| Directions |
Find the line holding "- moved J26 0.44 mm to (170.0, 120.0)" in the entries below. Give it again exactly, along with every line after it up to and including the line holding "-1.30048 -3.74904) (layer F.SilkS) (width 0.2032))".

| Dataset records |
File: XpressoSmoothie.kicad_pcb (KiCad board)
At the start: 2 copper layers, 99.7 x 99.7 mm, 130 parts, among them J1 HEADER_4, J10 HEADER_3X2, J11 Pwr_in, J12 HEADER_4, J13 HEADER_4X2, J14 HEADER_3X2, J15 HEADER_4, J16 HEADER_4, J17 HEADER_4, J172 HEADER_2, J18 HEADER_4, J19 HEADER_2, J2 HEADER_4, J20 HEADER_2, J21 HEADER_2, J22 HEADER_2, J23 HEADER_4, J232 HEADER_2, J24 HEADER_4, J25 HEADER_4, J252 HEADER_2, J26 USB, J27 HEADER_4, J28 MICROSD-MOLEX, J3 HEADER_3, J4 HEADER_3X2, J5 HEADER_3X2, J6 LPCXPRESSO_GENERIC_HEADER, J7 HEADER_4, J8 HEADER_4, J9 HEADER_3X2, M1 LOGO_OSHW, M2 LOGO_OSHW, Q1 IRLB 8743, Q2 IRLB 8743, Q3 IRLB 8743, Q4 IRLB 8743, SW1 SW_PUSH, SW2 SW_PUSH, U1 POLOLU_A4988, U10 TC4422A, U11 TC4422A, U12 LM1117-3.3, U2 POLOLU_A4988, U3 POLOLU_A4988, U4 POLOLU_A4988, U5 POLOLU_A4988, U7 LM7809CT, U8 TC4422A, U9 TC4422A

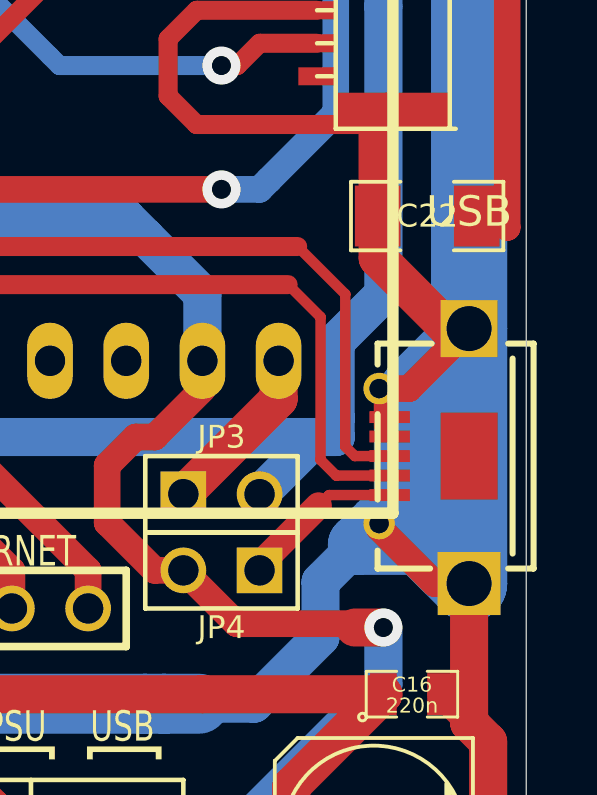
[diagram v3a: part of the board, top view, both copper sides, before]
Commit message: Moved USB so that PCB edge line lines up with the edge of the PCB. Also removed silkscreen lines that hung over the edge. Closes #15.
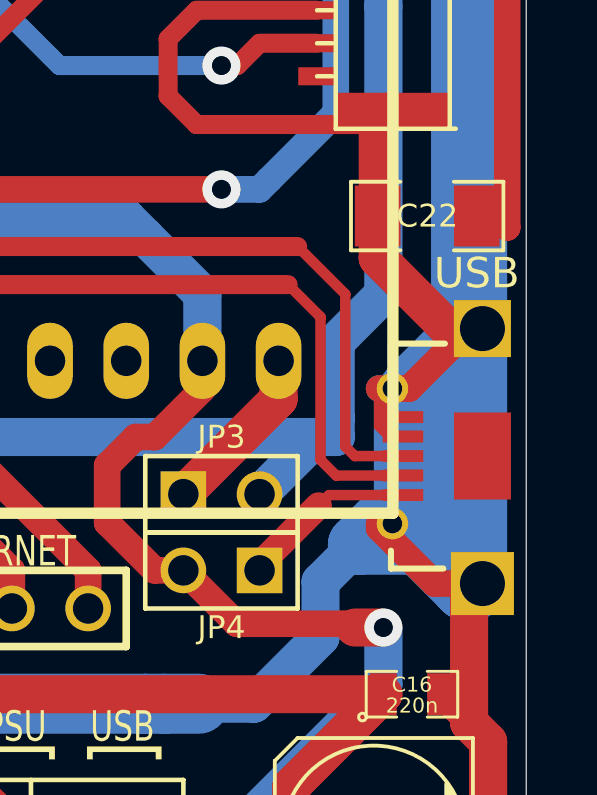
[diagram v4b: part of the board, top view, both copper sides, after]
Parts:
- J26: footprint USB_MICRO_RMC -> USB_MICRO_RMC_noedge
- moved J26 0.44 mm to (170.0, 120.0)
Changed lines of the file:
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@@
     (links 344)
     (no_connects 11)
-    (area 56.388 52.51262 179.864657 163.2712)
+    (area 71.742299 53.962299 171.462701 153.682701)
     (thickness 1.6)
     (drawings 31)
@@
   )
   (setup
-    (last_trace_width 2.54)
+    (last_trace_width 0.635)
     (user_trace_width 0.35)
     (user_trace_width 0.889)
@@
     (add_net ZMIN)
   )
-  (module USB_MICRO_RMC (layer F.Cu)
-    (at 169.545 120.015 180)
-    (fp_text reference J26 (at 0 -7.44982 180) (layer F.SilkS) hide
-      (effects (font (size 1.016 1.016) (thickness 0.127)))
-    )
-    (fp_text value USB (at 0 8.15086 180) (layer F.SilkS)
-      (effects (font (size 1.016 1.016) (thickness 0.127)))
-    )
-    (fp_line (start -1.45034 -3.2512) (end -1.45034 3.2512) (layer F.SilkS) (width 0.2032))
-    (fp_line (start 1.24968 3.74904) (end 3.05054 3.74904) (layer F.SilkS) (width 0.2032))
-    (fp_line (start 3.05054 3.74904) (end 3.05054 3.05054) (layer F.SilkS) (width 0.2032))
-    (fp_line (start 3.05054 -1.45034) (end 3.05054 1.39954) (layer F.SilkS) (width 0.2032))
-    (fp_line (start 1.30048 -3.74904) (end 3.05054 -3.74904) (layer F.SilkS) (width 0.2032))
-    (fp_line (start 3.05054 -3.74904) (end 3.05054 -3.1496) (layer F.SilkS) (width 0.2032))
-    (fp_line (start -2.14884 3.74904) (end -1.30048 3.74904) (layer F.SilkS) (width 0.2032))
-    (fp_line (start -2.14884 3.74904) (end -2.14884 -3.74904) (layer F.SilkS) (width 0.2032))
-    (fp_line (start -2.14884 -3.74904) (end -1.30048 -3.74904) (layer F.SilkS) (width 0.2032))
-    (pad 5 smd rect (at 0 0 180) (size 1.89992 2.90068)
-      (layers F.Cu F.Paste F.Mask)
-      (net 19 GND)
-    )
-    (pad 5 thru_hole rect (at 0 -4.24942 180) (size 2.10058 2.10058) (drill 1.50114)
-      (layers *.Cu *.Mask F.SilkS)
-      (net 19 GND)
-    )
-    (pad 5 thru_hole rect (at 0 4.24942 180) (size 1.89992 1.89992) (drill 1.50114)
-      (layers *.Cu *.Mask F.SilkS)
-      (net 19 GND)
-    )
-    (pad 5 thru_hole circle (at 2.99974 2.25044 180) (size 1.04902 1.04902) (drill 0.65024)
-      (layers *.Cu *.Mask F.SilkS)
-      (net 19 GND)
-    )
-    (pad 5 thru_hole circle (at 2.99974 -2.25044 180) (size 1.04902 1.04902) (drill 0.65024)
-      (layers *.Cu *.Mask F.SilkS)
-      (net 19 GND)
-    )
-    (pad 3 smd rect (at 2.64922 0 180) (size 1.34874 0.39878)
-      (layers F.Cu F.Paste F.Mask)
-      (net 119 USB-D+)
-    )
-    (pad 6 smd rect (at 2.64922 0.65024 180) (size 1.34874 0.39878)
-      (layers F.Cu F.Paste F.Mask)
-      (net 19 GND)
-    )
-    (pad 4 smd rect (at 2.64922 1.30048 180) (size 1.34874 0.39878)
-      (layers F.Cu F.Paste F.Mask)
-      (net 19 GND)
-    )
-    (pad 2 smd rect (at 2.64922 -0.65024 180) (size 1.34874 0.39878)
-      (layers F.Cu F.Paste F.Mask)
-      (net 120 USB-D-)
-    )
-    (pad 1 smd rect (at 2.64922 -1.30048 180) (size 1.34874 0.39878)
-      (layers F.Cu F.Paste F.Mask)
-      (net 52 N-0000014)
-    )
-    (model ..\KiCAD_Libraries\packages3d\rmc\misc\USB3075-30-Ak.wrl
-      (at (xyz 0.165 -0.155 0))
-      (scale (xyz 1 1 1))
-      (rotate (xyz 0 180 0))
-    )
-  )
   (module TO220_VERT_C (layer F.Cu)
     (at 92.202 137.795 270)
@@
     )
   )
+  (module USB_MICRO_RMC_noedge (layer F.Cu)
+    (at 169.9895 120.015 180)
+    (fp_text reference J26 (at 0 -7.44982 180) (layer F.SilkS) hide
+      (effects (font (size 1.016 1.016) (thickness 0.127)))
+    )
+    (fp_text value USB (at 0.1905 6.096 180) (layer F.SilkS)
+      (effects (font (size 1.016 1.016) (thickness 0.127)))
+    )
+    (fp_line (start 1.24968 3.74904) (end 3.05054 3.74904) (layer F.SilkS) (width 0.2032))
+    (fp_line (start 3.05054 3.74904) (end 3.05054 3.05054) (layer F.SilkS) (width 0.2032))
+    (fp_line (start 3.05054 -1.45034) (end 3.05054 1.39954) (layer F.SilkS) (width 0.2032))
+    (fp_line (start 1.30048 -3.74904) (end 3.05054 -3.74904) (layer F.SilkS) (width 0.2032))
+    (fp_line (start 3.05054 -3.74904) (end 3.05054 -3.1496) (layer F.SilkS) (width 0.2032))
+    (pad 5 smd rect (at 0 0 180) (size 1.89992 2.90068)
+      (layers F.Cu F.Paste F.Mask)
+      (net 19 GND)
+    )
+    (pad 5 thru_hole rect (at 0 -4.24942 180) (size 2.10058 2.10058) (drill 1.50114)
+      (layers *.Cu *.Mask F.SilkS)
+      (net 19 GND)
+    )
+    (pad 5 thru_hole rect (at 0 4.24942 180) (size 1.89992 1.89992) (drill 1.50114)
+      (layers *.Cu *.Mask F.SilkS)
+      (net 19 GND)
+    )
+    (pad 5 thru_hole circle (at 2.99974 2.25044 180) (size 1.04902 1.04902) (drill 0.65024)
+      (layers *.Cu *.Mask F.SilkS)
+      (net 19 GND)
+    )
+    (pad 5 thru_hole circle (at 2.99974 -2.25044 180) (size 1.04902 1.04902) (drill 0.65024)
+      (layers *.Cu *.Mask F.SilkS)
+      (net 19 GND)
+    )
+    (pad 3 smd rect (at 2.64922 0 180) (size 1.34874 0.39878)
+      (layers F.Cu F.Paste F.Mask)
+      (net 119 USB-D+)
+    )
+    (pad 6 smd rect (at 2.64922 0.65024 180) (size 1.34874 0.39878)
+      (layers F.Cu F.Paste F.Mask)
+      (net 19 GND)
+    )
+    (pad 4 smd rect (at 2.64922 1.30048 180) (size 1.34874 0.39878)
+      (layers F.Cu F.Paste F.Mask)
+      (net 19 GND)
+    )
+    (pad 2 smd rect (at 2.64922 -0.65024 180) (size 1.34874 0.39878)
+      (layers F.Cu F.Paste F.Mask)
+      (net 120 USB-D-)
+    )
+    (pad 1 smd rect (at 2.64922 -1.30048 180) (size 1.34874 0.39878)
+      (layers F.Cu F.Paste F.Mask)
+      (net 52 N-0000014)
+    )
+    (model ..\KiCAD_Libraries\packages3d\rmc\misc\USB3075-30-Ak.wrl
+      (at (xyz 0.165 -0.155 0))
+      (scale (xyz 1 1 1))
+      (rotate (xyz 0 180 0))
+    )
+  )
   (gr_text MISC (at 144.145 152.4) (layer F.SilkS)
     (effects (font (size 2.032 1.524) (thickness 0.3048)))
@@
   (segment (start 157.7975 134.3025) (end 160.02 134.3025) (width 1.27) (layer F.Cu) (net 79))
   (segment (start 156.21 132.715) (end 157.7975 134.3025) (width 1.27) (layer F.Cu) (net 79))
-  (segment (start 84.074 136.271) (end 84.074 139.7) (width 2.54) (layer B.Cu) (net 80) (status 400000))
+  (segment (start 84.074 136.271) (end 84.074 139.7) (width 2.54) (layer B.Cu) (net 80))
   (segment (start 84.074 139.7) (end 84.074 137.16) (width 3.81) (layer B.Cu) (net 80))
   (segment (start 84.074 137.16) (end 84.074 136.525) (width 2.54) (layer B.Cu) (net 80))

| Your solution |
- moved J26 0.44 mm to (170.0, 120.0)
Changed lines of the file:
@@
     (links 344)
     (no_connects 11)
-    (area 56.388 52.51262 179.864657 163.2712)
+    (area 71.742299 53.962299 171.462701 153.682701)
     (thickness 1.6)
     (drawings 31)
@@
   )
   (setup
-    (last_trace_width 2.54)
+    (last_trace_width 0.635)
     (user_trace_width 0.35)
     (user_trace_width 0.889)
@@
     (add_net ZMIN)
   )
-  (module USB_MICRO_RMC (layer F.Cu)
-    (at 169.545 120.015 180)
-    (fp_text reference J26 (at 0 -7.44982 180) (layer F.SilkS) hide
-      (effects (font (size 1.016 1.016) (thickness 0.127)))
-    )
-    (fp_text value USB (at 0 8.15086 180) (layer F.SilkS)
-      (effects (font (size 1.016 1.016) (thickness 0.127)))
-    )
-    (fp_line (start -1.45034 -3.2512) (end -1.45034 3.2512) (layer F.SilkS) (width 0.2032))
-    (fp_line (start 1.24968 3.74904) (end 3.05054 3.74904) (layer F.SilkS) (width 0.2032))
-    (fp_line (start 3.05054 3.74904) (end 3.05054 3.05054) (layer F.SilkS) (width 0.2032))
-    (fp_line (start 3.05054 -1.45034) (end 3.05054 1.39954) (layer F.SilkS) (width 0.2032))
-    (fp_line (start 1.30048 -3.74904) (end 3.05054 -3.74904) (layer F.SilkS) (width 0.2032))
-    (fp_line (start 3.05054 -3.74904) (end 3.05054 -3.1496) (layer F.SilkS) (width 0.2032))
-    (fp_line (start -2.14884 3.74904) (end -1.30048 3.74904) (layer F.SilkS) (width 0.2032))
-    (fp_line (start -2.14884 3.74904) (end -2.14884 -3.74904) (layer F.SilkS) (width 0.2032))
-    (fp_line (start -2.14884 -3.74904) (end -1.30048 -3.74904) (layer F.SilkS) (width 0.2032))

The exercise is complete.